The 2020–21 FA Cup was the 140th edition of the oldest football tournament in the world, the Football Association Challenge Cup. It was sponsored by Emirates and known as the Emirates FA Cup for sponsorship purposes. The winners qualified for the 2021–22 UEFA Europa League group stage.

Premier League side Arsenal were the defending champions, but were eliminated in the fourth round by Southampton.

Leicester City beat the defending runners-up Chelsea 1–0 in the final to win their first FA Cup, having been runners-up on four previous occasions.

Teams
The FA Cup is a knockout competition with 124 teams taking part all trying to reach the Final at Wembley in May 2021. The competition consisted of the 92 teams from the Football League system (20 teams from the Premier League and the 72 in total from the EFL Championship, EFL League One and EFL League Two) plus the 32 surviving teams out of 644 teams from the National League System (levels 5–10 of the English football league system) that started the competition in qualifying rounds.

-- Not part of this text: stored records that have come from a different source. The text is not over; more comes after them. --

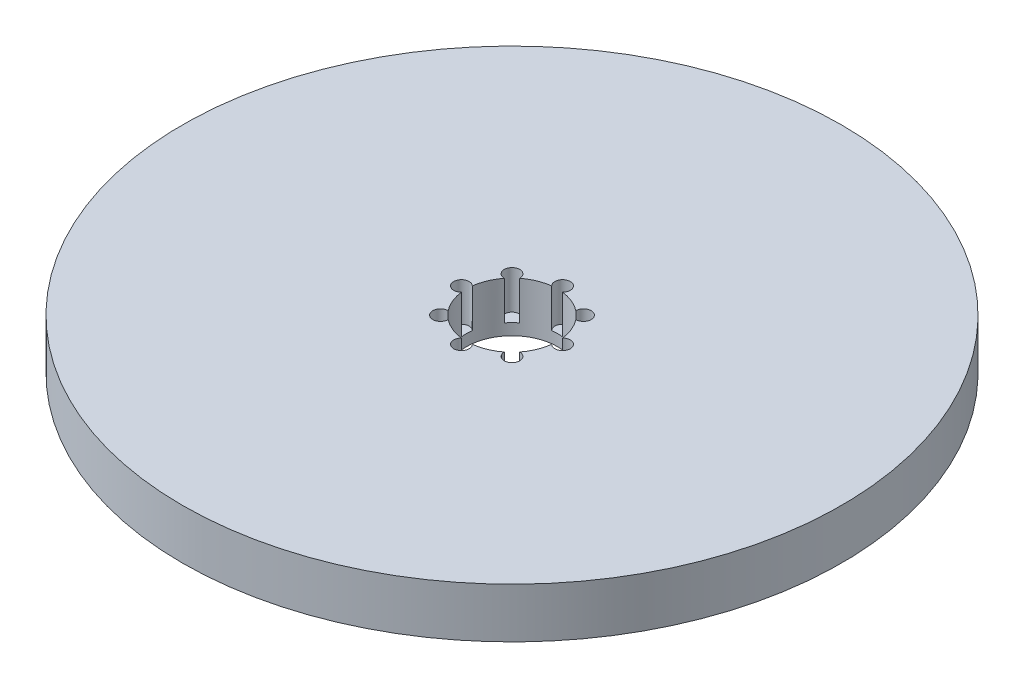
ISO-10303-21;
HEADER;
FILE_DESCRIPTION(('STEP AP214'),'2;1');
FILE_NAME('part.step','',(''),(''),'','','');
FILE_SCHEMA(('AUTOMOTIVE_DESIGN { 1 0 10303 214 1 1 1 1 }'));
ENDSEC;
DATA;
#1=APPLICATION_CONTEXT('core data for automotive mechanical design processes');
#2=APPLICATION_PROTOCOL_DEFINITION('international standard','automotive_design',2000,#1);
#3=PRODUCT_CONTEXT('',#1,'mechanical');
#4=PRODUCT('Part','Part','',(#3));
#5=PRODUCT_RELATED_PRODUCT_CATEGORY('part','',(#4));
#6=PRODUCT_DEFINITION_FORMATION('','',#4);
#7=PRODUCT_DEFINITION_CONTEXT('part definition',#1,'design');
#8=PRODUCT_DEFINITION('design','',#6,#7);
#9=PRODUCT_DEFINITION_SHAPE('','',#8);
#10=(LENGTH_UNIT() NAMED_UNIT(*) SI_UNIT(.MILLI.,.METRE.));
#11=(NAMED_UNIT(*) PLANE_ANGLE_UNIT() SI_UNIT($,.RADIAN.));
#12=(NAMED_UNIT(*) SI_UNIT($,.STERADIAN.) SOLID_ANGLE_UNIT());
#13=UNCERTAINTY_MEASURE_WITH_UNIT(LENGTH_MEASURE(1.E-05),#10,'distance_accuracy_value','');
#14=(GEOMETRIC_REPRESENTATION_CONTEXT(3) GLOBAL_UNCERTAINTY_ASSIGNED_CONTEXT((#13)) GLOBAL_UNIT_ASSIGNED_CONTEXT((#10,
#11,#12)) REPRESENTATION_CONTEXT('',''));
#15=CARTESIAN_POINT('',(0.,0.,0.));
#16=DIRECTION('',(0.,0.,1.));
#17=DIRECTION('',(1.,0.,0.));
#18=AXIS2_PLACEMENT_3D('',#15,#16,#17);
#19=CARTESIAN_POINT('',(0.,11.,0.));
#20=DIRECTION('',(0.,-1.,0.));
#21=DIRECTION('',(0.,0.,-1.));
#22=AXIS2_PLACEMENT_3D('',#19,#20,#21);
#23=CYLINDRICAL_SURFACE('',#22,72.5);
#24=CARTESIAN_POINT('',(0.,11.,0.));
#25=DIRECTION('',(0.,1.,0.));
#26=DIRECTION('',(0.,0.,1.));
#27=AXIS2_PLACEMENT_3D('',#24,#25,#26);
#28=CIRCLE('',#27,72.5);
#29=CARTESIAN_POINT('',(0.,11.,72.5));
#30=VERTEX_POINT('',#29);
#31=EDGE_CURVE('E195',#30,#30,#28,.T.);
#32=ORIENTED_EDGE('',*,*,#31,.F.);
#33=EDGE_LOOP('',(#32));
#34=FACE_BOUND('',#33,.T.);
#35=CARTESIAN_POINT('',(0.,0.,0.));
#36=DIRECTION('',(0.,1.,0.));
#37=DIRECTION('',(0.,0.,1.));
#38=AXIS2_PLACEMENT_3D('',#35,#36,#37);
#39=CIRCLE('',#38,72.5);
#40=CARTESIAN_POINT('',(0.,0.,72.5));
#41=VERTEX_POINT('',#40);
#42=EDGE_CURVE('E179',#41,#41,#39,.T.);
#43=ORIENTED_EDGE('',*,*,#42,.T.);
#44=EDGE_LOOP('',(#43));
#45=FACE_BOUND('',#44,.T.);
#46=ADVANCED_FACE('F39',(#34,#45),#23,.T.);
#47=CARTESIAN_POINT('',(0.,11.,0.));
#48=DIRECTION('',(0.,1.,0.));
#49=DIRECTION('',(0.,0.,1.));
#50=AXIS2_PLACEMENT_3D('',#47,#48,#49);
#51=PLANE('',#50);
#52=CARTESIAN_POINT('',(0.,11.,11.1252971700973));
#53=DIRECTION('',(0.,1.,0.));
#54=DIRECTION('',(1.,0.,0.));
#55=AXIS2_PLACEMENT_3D('',#52,#53,#54);
#56=CIRCLE('',#55,1.69382109082511);
#57=CARTESIAN_POINT('',(-1.19809630362251,11.,9.92796883794697));
#58=VERTEX_POINT('',#57);
#59=CARTESIAN_POINT('',(1.19809630362258,11.,9.92796883794696));
#60=VERTEX_POINT('',#59);
#61=EDGE_CURVE('E176',#58,#60,#56,.T.);
#62=ORIENTED_EDGE('',*,*,#61,.F.);
#63=CARTESIAN_POINT('',(0.,11.,0.));
#64=DIRECTION('',(0.,1.,0.));
#65=DIRECTION('',(0.,0.,1.));
#66=AXIS2_PLACEMENT_3D('',#63,#64,#65);
#67=CIRCLE('',#66,10.);
#68=CARTESIAN_POINT('',(-6.17295206791497,11.,7.86731610952708));
#69=VERTEX_POINT('',#68);
#70=EDGE_CURVE('E166',#69,#58,#67,.T.);
#71=ORIENTED_EDGE('',*,*,#70,.F.);
#72=CARTESIAN_POINT('',(-7.86677307169131,11.,7.86677307169134));
#73=DIRECTION('',(0.,1.,0.));
#74=DIRECTION('',(0.707106781186549,0.,0.707106781186546));
#75=AXIS2_PLACEMENT_3D('',#72,#73,#74);
#76=CIRCLE('',#75,1.69382109082511);
#77=CARTESIAN_POINT('',(-7.86731610952705,11.,6.172952067915));
#78=VERTEX_POINT('',#77);
#79=EDGE_CURVE('E147',#78,#69,#76,.T.);
#80=ORIENTED_EDGE('',*,*,#79,.F.);
#81=CARTESIAN_POINT('',(-9.92796883794696,11.,1.19809630362255));
#82=VERTEX_POINT('',#81);
#83=EDGE_CURVE('E180',#82,#78,#67,.T.);
#84=ORIENTED_EDGE('',*,*,#83,.F.);
#85=CARTESIAN_POINT('',(-11.1252971700973,11.,0.));
#86=DIRECTION('',(0.,1.,0.));
#87=DIRECTION('',(0.,0.,1.));
#88=AXIS2_PLACEMENT_3D('',#85,#86,#87);
#89=CIRCLE('',#88,1.69382109082511);
#90=CARTESIAN_POINT('',(-9.92796883794696,11.,-1.19809630362255));
#91=VERTEX_POINT('',#90);
#92=EDGE_CURVE('E186',#91,#82,#89,.T.);
#93=ORIENTED_EDGE('',*,*,#92,.F.);
#94=CARTESIAN_POINT('',(-7.86731610952715,11.,-6.17295206791489));
#95=VERTEX_POINT('',#94);
#96=EDGE_CURVE('E182',#95,#91,#67,.T.);
#97=ORIENTED_EDGE('',*,*,#96,.F.);
#98=CARTESIAN_POINT('',(-7.86677307169142,11.,-7.86677307169123));
#99=DIRECTION('',(0.,1.,0.));
#100=DIRECTION('',(-0.707106781186539,0.,0.707106781186556));
#101=AXIS2_PLACEMENT_3D('',#98,#99,#100);
#102=CIRCLE('',#101,1.69382109082511);
#103=CARTESIAN_POINT('',(-6.17295206791508,11.,-7.86731610952699));
#104=VERTEX_POINT('',#103);
#105=EDGE_CURVE('E446',#104,#95,#102,.T.);
#106=ORIENTED_EDGE('',*,*,#105,.F.);
#107=CARTESIAN_POINT('',(-1.19809630362265,11.,-9.92796883794695));
#108=VERTEX_POINT('',#107);
#109=EDGE_CURVE('E452',#108,#104,#67,.T.);
#110=ORIENTED_EDGE('',*,*,#109,.F.);
#111=CARTESIAN_POINT('',(-1.16531302375437E-13,11.,-11.1252971700973));
#112=DIRECTION('',(0.,1.,0.));
#113=DIRECTION('',(-1.,0.,0.));
#114=AXIS2_PLACEMENT_3D('',#111,#112,#113);
#115=CIRCLE('',#114,1.69382109082511);
#116=CARTESIAN_POINT('',(1.19809630362245,11.,-9.92796883794698));
#117=VERTEX_POINT('',#116);
#118=EDGE_CURVE('E477',#117,#108,#115,.T.);
#119=ORIENTED_EDGE('',*,*,#118,.F.);
#120=CARTESIAN_POINT('',(6.17295206791492,11.,-7.86731610952712));
#121=VERTEX_POINT('',#120);
#122=EDGE_CURVE('E460',#121,#117,#67,.T.);
#123=ORIENTED_EDGE('',*,*,#122,.F.);
#124=CARTESIAN_POINT('',(7.86677307169126,11.,-7.86677307169139));
#125=DIRECTION('',(0.,1.,0.));
#126=DIRECTION('',(-0.707106781186554,0.,-0.707106781186541));
#127=AXIS2_PLACEMENT_3D('',#124,#125,#126);
#128=CIRCLE('',#127,1.69382109082511);
#129=CARTESIAN_POINT('',(7.86731610952701,11.,-6.17295206791505));
#130=VERTEX_POINT('',#129);
#131=EDGE_CURVE('E464',#130,#121,#128,.T.);
#132=ORIENTED_EDGE('',*,*,#131,.F.);
#133=CARTESIAN_POINT('',(9.92796883794696,11.,-1.19809630362255));
#134=VERTEX_POINT('',#133);
#135=EDGE_CURVE('E459',#134,#130,#67,.T.);
#136=ORIENTED_EDGE('',*,*,#135,.F.);
#137=CARTESIAN_POINT('',(11.1252971700973,11.,0.));
#138=DIRECTION('',(0.,1.,0.));
#139=DIRECTION('',(0.,0.,-1.));
#140=AXIS2_PLACEMENT_3D('',#137,#138,#139);
#141=CIRCLE('',#140,1.69382109082511);
#142=CARTESIAN_POINT('',(9.92796883794696,11.,1.19809630362255));
#143=VERTEX_POINT('',#142);
#144=EDGE_CURVE('E469',#143,#134,#141,.T.);
#145=ORIENTED_EDGE('',*,*,#144,.F.);
#146=CARTESIAN_POINT('',(7.8673161095271,11.,6.17295206791494));
#147=VERTEX_POINT('',#146);
#148=EDGE_CURVE('E181',#147,#143,#67,.T.);
#149=ORIENTED_EDGE('',*,*,#148,.F.);
#150=CARTESIAN_POINT('',(7.86677307169137,11.,7.86677307169128));
#151=DIRECTION('',(0.,1.,0.));
#152=DIRECTION('',(0.707106781186544,0.,-0.707106781186551));
#153=AXIS2_PLACEMENT_3D('',#150,#151,#152);
#154=CIRCLE('',#153,1.69382109082511);
#155=CARTESIAN_POINT('',(6.17295206791503,11.,7.86731610952704));
#156=VERTEX_POINT('',#155);
#157=EDGE_CURVE('E475',#156,#147,#154,.T.);
#158=ORIENTED_EDGE('',*,*,#157,.F.);
#159=EDGE_CURVE('E177',#60,#156,#67,.T.);
#160=ORIENTED_EDGE('',*,*,#159,.F.);
#161=EDGE_LOOP('',(#62,#71,#80,#84,#93,#97,#106,#110,#119,#123,#132,#136,#145,#149,#158,#160));
#162=FACE_BOUND('',#161,.T.);
#163=ORIENTED_EDGE('',*,*,#31,.T.);
#164=EDGE_LOOP('',(#163));
#165=FACE_BOUND('',#164,.T.);
#166=ADVANCED_FACE('F172',(#162,#165),#51,.T.);
#167=CARTESIAN_POINT('',(0.,0.,0.));
#168=DIRECTION('',(0.,1.,0.));
#169=DIRECTION('',(0.,0.,1.));
#170=AXIS2_PLACEMENT_3D('',#167,#168,#169);
#171=PLANE('',#170);
#172=CARTESIAN_POINT('',(0.,0.,0.));
#173=DIRECTION('',(0.,1.,0.));
#174=DIRECTION('',(0.,0.,1.));
#175=AXIS2_PLACEMENT_3D('',#172,#173,#174);
#176=CIRCLE('',#175,10.);
#177=CARTESIAN_POINT('',(0.,0.,10.));
#178=VERTEX_POINT('',#177);
#179=EDGE_CURVE('E187',#178,#178,#176,.T.);
#180=ORIENTED_EDGE('',*,*,#179,.T.);
#181=EDGE_LOOP('',(#180));
#182=FACE_BOUND('',#181,.T.);
#183=ORIENTED_EDGE('',*,*,#42,.F.);
#184=EDGE_LOOP('',(#183));
#185=FACE_BOUND('',#184,.T.);
#186=ADVANCED_FACE('F270',(#182,#185),#171,.F.);
#187=CARTESIAN_POINT('',(0.,11.,0.));
#188=DIRECTION('',(0.,-1.,0.));
#189=DIRECTION('',(0.,0.,-1.));
#190=AXIS2_PLACEMENT_3D('',#187,#188,#189);
#191=CYLINDRICAL_SURFACE('',#190,10.);
#192=DIRECTION('',(0.,1.,0.));
#193=VECTOR('',#192,1.);
#194=CARTESIAN_POINT('',(-1.19809630362251,6.75119234254863,9.92796883794697));
#195=LINE('',#194,#193);
#196=CARTESIAN_POINT('',(-1.19809630362251,2.50238468509725,9.92796883794697));
#197=VERTEX_POINT('',#196);
#198=EDGE_CURVE('E11',#197,#58,#195,.T.);
#199=ORIENTED_EDGE('',*,*,#198,.F.);
#200=CARTESIAN_POINT('',(0.,2.50238468509725,0.));
#201=DIRECTION('',(0.,1.,0.));
#202=DIRECTION('',(0.,0.,1.));
#203=AXIS2_PLACEMENT_3D('',#200,#201,#202);
#204=CIRCLE('',#203,10.);
#205=CARTESIAN_POINT('',(1.19809630362258,2.50238468509725,9.92796883794696));
#206=VERTEX_POINT('',#205);
#207=EDGE_CURVE('E250',#197,#206,#204,.T.);
#208=ORIENTED_EDGE('',*,*,#207,.T.);
#209=DIRECTION('',(0.,1.,0.));
#210=VECTOR('',#209,1.);
#211=CARTESIAN_POINT('',(1.19809630362258,6.75119234254863,9.92796883794696));
#212=LINE('',#211,#210);
#213=EDGE_CURVE('E46',#60,#206,#212,.F.);
#214=ORIENTED_EDGE('',*,*,#213,.F.);
#215=ORIENTED_EDGE('',*,*,#159,.T.);
#216=DIRECTION('',(0.,1.,0.));
#217=VECTOR('',#216,1.);
#218=CARTESIAN_POINT('',(6.17295206791503,6.75119234254863,7.86731610952703));
#219=LINE('',#218,#217);
#220=CARTESIAN_POINT('',(6.17295206791503,2.50238468509725,7.86731610952704));
#221=VERTEX_POINT('',#220);
#222=EDGE_CURVE('E244',#221,#156,#219,.T.);
#223=ORIENTED_EDGE('',*,*,#222,.F.);
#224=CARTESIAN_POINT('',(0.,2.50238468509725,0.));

All rounds were drawn randomly usually either at the completion of the previous round or on the evening of the last televised game of a round being played depending on television broadcasting rights.

This year's competition was subject to changes to the rules and round dates at short notice to follow the latest national and local government guidelines regarding the COVID-19 pandemic in the United Kingdom.

Delay and scheduling
As a result of the COVID-19 pandemic in the United Kingdom, the previous season's competition was delayed, with the final played roughly three months late, on 1 August 2020. In a normal year, the FA Cup would start in early August, but with the previous season finishing late, the start of the 2020–21 FA Cup was also delayed to 31 August 2020.

Contrary to initial speculation that the 2020–21 FA Cup would be reduced in size, on 25 July 2020, the FA confirmed that lower league teams would be able to compete in the competition, with 737 teams accepted (out of 889 entrants), actually representing an increase of two teams on the previous season. Following the liquidation of Macclesfield Town, 736 teams ultimately entered the competition.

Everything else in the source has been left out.